GELIAT TAREKAT NAQSYABANDIYAH KHALIDIYAH
DALAM KEHIDUPAN TASAWUF DI KUDUS

MAKALAH

Disusun untuk Memenuhi Tugas
Mata Kuliah: Tasawuf
Dosen: Abdul Kholiq, M. Ag.

Oleh :
ROFIQO RAHMAWATI (093511033)

FAKULTAS TARBIYAH
INSTITUT AGAMA ISLAM NEGERI WALISONGO SEMARANG
2010


GELIAT TAREKAT NAQSYABANDIYAH KHALIDIYAH
DALAM KEHIDUPAN TASAWUF DI KUDUS

I.             PENDAHULUAN
Kudus adalah kota yang unik dan menarik. Unik karena ia merupakan satu-satunya kota di Indonesia yang mengambil nama dari bahasa Arab Qudus yang berarti suci. Menarik karena di kota ini terdapat beberapa tempat peninggalan sejarah seperti Masjid al-Manar atau al-Aqsha, makam Sunan Kudus dan Muria, serta masjid Muria yang berdiri kokoh di puncak gunung.
Bahkan, sebagaimana yang dikemukakan De Graaf dan Pigeaud, sejak dahulu Kudus sudah terkenal di Jawa bahkan di Nusantara sebagai pusat penyiaran agama Islam.[1] Selain itu, kota yang berada di 51 km ke arah timur laut dari kota Semarang Jawa Tengah itu juga mendapat julukan sebagai kota santri. Pemberian julukan tersebut disebabkan banyaknya kyai dan pondok pesantren yang tumbuh, tepatnya di bagian barat[2] atau yang lebih sering dikenal dengan sebutan Kudus Kulon.[3]
Secara implisit, hal tersebut tidak menafikan adanya kehidupan tasawuf di kudus. Pasalnya, hampir setiap daerah yang penduduknya beragama Islam akan dijumpai pengikut sufisme yang lazimnya menjadi warga dari salah satu tarekat. Di kota yang berketinggian 55 meter di atas permukaan air laut itu pun tarekat menjamur. Salah satu diantaranya adalah tarekat Naqsyabandiyah Khalidiyah.

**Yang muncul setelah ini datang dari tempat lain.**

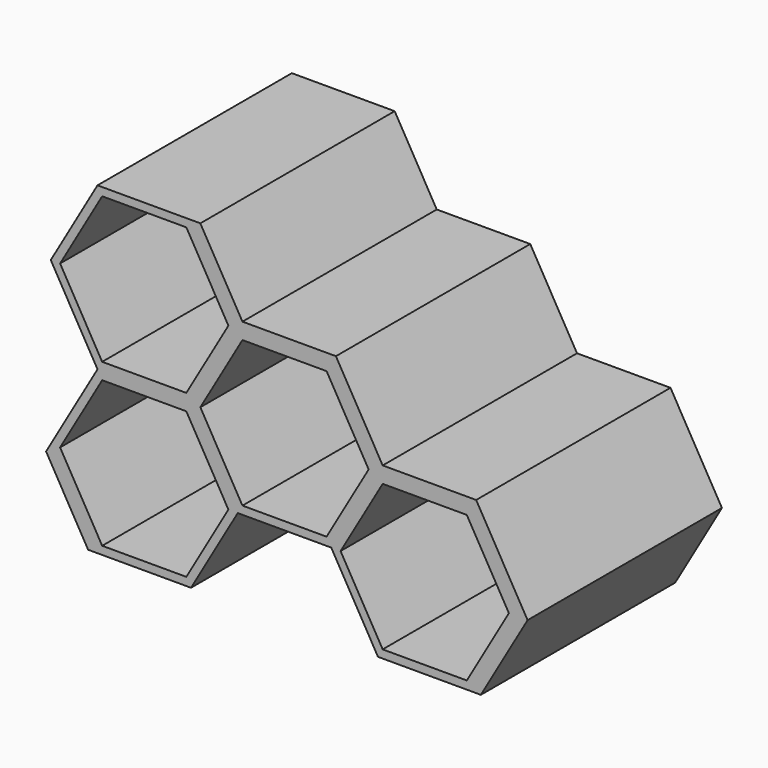
from build123d import *

# Parameters (mm, degrees)
F1_DEPTH = 12.7
F2_DEPTH = 95.25


# Not quite as in the source:
# - a feature names something its author has since deleted; it is built from what else it names


with BuildPart() as f1:
    # F0 (on Front) → F1 (new body)
    with BuildSketch(Plane.XZ):
        Polygon((87.3760877519, 66.7924993012), (50.7143456583, 66.7924993012), (32.3834746116, 35.0424993012), (50.7143456583, 3.2924993012), (87.3760877518, 3.2924993011), (105.7069587986, 35.0424993011), align=None)
        Polygon((52.547432763, 6.4674993012), (36.0496488209, 35.0424993012), (52.547432763, 63.6174993012), (85.5430006472, 63.6174993011), (102.0407845893, 35.0424993011), (85.5430006472, 6.4674993011), align=None, mode=Mode.SUBTRACT)
        Polygon((50.7143456583, 130.2924993012), (32.3834746116, 98.5424993012), (50.7143456583, 66.7924993012), (87.3760877519, 66.7924993012), (105.7069587986, 98.5424993012), (87.3760877519, 130.2924993012), align=None)
        Polygon((52.547432763, 69.9674993012), (36.0496488209, 98.5424993012), (52.547432763, 127.1174993012), (85.5430006472, 127.1174993012), (102.0407845893, 98.5424993012), (85.5430006472, 69.9674993012), align=None, mode=Mode.SUBTRACT)
        Polygon((160.699571939, 66.7924993012), (142.3687008922, 35.0424993012), (160.6995719389, 3.2924993011), (197.3613140325, 3.2924993011), (215.6921850793, 35.0424993012), (197.3613140325, 66.7924993012), align=None)
        Polygon((162.5326590436, 6.4674993012), (146.0348751015, 35.0424993012), (162.5326590436, 63.6174993012), (195.5282269278, 63.6174993012), (212.0260108699, 35.0424993012), (195.5282269278, 6.4674993012), align=None, mode=Mode.SUBTRACT)
        Polygon((105.7069587986, 98.5424993012), (87.3760877519, 66.7924993012), (105.7069587986, 35.0424993011), (142.3687008922, 35.0424993011), (160.699571939, 66.7924993012), (142.3687008922, 98.5424993012), align=None)
        Polygon((107.5400459033, 38.2174993012), (91.0422619612, 66.7924993012), (107.5400459033, 95.3674993012), (140.5356137875, 95.3674993012), (157.0333977296, 66.7924993012), (140.5356137875, 38.2174993012), align=None, mode=Mode.SUBTRACT)
        Polygon((52.547432763, 127.1174993012), (36.0496488209, 98.5424993012), (52.547432763, 69.9674993012), (85.5430006472, 69.9674993012), (102.0407845893, 98.5424993012), (85.5430006472, 127.1174993012), align=None)
        Polygon((52.547432763, 63.6174993012), (36.0496488209, 35.0424993012), (52.547432763, 6.4674993012), (85.5430006472, 6.4674993011), (102.0407845893, 35.0424993011), (85.5430006472, 63.6174993011), align=None)
        Polygon((162.5326590436, 63.6174993012), (146.0348751015, 35.0424993012), (162.5326590436, 6.4674993012), (195.5282269278, 6.4674993012), (212.0260108699, 35.0424993012), (195.5282269278, 63.6174993012), align=None)
        Polygon((107.5400459033, 95.3674993012), (91.0422619612, 66.7924993012), (107.5400459033, 38.2174993012), (140.5356137875, 38.2174993012), (157.0333977296, 66.7924993012), (140.5356137875, 95.3674993012), align=None)
    extrude(amount=F1_DEPTH)

    # F0 (on Front) → F2 (join)
    with BuildSketch(Plane.XZ):
        Polygon((50.7143456583, 130.2924993012), (32.3834746116, 98.5424993012), (50.7143456583, 66.7924993012), (87.3760877519, 66.7924993012), (105.7069587986, 98.5424993012), (87.3760877519, 130.2924993012), align=None)
        Polygon((52.547432763, 69.9674993012), (36.0496488209, 98.5424993012), (52.547432763, 127.1174993012), (85.5430006472, 127.1174993012), (102.0407845893, 98.5424993012), (85.5430006472, 69.9674993012), align=None, mode=Mode.SUBTRACT)
        Polygon((87.3760877519, 66.7924993012), (50.7143456583, 66.7924993012), (32.3834746116, 35.0424993012), (50.7143456583, 3.2924993012), (87.3760877518, 3.2924993011), (105.7069587986, 35.0424993011), align=None)
        Polygon((52.547432763, 6.4674993012), (36.0496488209, 35.0424993012), (52.547432763, 63.6174993012), (85.5430006472, 63.6174993011), (102.0407845893, 35.0424993011), (85.5430006472, 6.4674993011), align=None, mode=Mode.SUBTRACT)
        Polygon((105.7069587986, 98.5424993012), (87.3760877519, 66.7924993012), (105.7069587986, 35.0424993011), (142.3687008922, 35.0424993011), (160.699571939, 66.7924993012), (142.3687008922, 98.5424993012), align=None)
        Polygon((107.5400459033, 38.2174993012), (91.0422619612, 66.7924993012), (107.5400459033, 95.3674993012), (140.5356137875, 95.3674993012), (157.0333977296, 66.7924993012), (140.5356137875, 38.2174993012), align=None, mode=Mode.SUBTRACT)
        Polygon((160.699571939, 66.7924993012), (142.3687008922, 35.0424993012), (160.6995719389, 3.2924993011), (197.3613140325, 3.2924993011), (215.6921850793, 35.0424993012), (197.3613140325, 66.7924993012), align=None)
        Polygon((162.5326590436, 6.4674993012), (146.0348751015, 35.0424993012), (162.5326590436, 63.6174993012), (195.5282269278, 63.6174993012), (212.0260108699, 35.0424993012), (195.5282269278, 6.4674993012), align=None, mode=Mode.SUBTRACT)
        Polygon((91.0422619612, 130.2924993012), (87.3760877519, 130.2924993012), (105.7069587986, 98.5424993012), (142.3687008922, 98.5424993012), (160.699571939, 66.7924993012), (197.3613140325, 66.7924993012), (215.6921850793, 35.0424993012), (197.3613140325, 3.2924993012), (201.0274882418, 3.2924993011), (219.3583592886, 35.0424993012), (199.1944011372, 69.9674993012), (162.5326590436, 69.9674993012), (144.2017879969, 101.7174993012), (107.5400459033, 101.7174993012), align=None)
        Polygon((50.7143456583, 3.2924993012), (32.3834746116, 35.0424993012), (30.5503875069, 31.8674993012), (47.048171449, 3.2924993012), align=None)
    extrude(amount=F2_DEPTH)


solid = f1.part

II.          RUMUSAN MASALAH
Berdasarkan pemaparan di atas, ada beberapa hal yang cukup urgen dipertanyakan sebagai wujud keingintahuan terhadap hal tersebut. Di antaranya adalah sebagai berikut;
a.       Apakah hubungan antara Tarekat dan Tasawuf?
b.      Apakah Hakikat Tarekat Naqsyabandiyah Khalidiyah itu?
c.       Bagaimana masuknya Tarekat Naqsyabandiyah Khalidiyah di Kudus?
d.      Bagaimana peranan Tarekat Naqsyabandiyah Khalidiyah dalam kehidupan tasawuf di Kudus?

III.       PEMBAHASAN
A.    Hubungan antara Tarekat dan Tasawuf
Secara etimologi, pengertian tarekat berasal dari bahasa Arab, thariqah, yang sepadan maknanya dengan sirah, perjalanan atau madzhab, cara (jalan). Bentuk jamak thariqah, tharaiq berbeda dengan thariq, yang bentuk jamaknya thuruq. Kata kedua, mempunyai arti lintasan luas dan memanjang yang lebih luas dari jalan raya.[4] Sepintas kedua kata mempunyai kesamaan makna namun jika dicermati terdapat perbedaan makna. Thariqah lebih menekankan sebuah perjalanan yang sudah diatur melalui cara tertentu, sedang yang kedua, tidak mempunyai pengertian yang demikian.
Harun Nasution, mengartikan tarekat sebagai jalan yang harus ditempuh calon sufi dengan tujuan berada sedekat mungkin dengan Tuhan. Tarekat lantas mengandung arti organisasi. Tiap tarekat memiliki syekh, upacara ritual dan bentuk dzikir sendiri.[5]
Jika dikaitkan dengan tasawuf, tarekat memang memiliki hubungan tersendiri dengan tasawuf.  Hal ini berawal dari tasawuf yang berkembang dengan berbagai macam faham dan aliran. Sehingga, pada abad ke-13, beberapa saat setelah tentara Mongolia meruntuhkan kekuasaan Bani Abbasiyah di Baghdad, berkembanglah buah pelembagaan kumpulan tasawuf yang belakangan akrab disebut dengan tarekat.[6] Hal tersebut ditandai dengan tiap silsilah tarekat yang selalu dihubungkan dengan nama pendiri maupun tokoh sufi.[7]
Usman Said dkk. mendefinisikan tarekat adalah tasawuf yang berkembang dengan beberapa variasi tertentu, sesuai dengan spesifikasi yang diberikan syekh kepada muridnya. Hal itu disebabkan ajaran pokok tarekat sama dengan ajaran tasawuf.[8]
Tujuan tasawuf adalah memperoleh hubungan langsung dan disadari dengan Allah. Intisarinya ada komunikasi dan dialog antara roh manusia dengan Allah melalui pengasingan diri dan kontemplasi.[9] Sasaran tasawuf, upaya pendekatan diri kepada Allah. Karenanya, ditempuh melalui penyucian rohani dan memperbanyak ibadah kepada Allah dan harus dibawah bimbingan seorang mursyid. Jadi, tarekat adalah konkretisasi ajaran tasawuf yang lazimnya dilalui seseorang yang akan berkecimpung dalam dunia tasawuf.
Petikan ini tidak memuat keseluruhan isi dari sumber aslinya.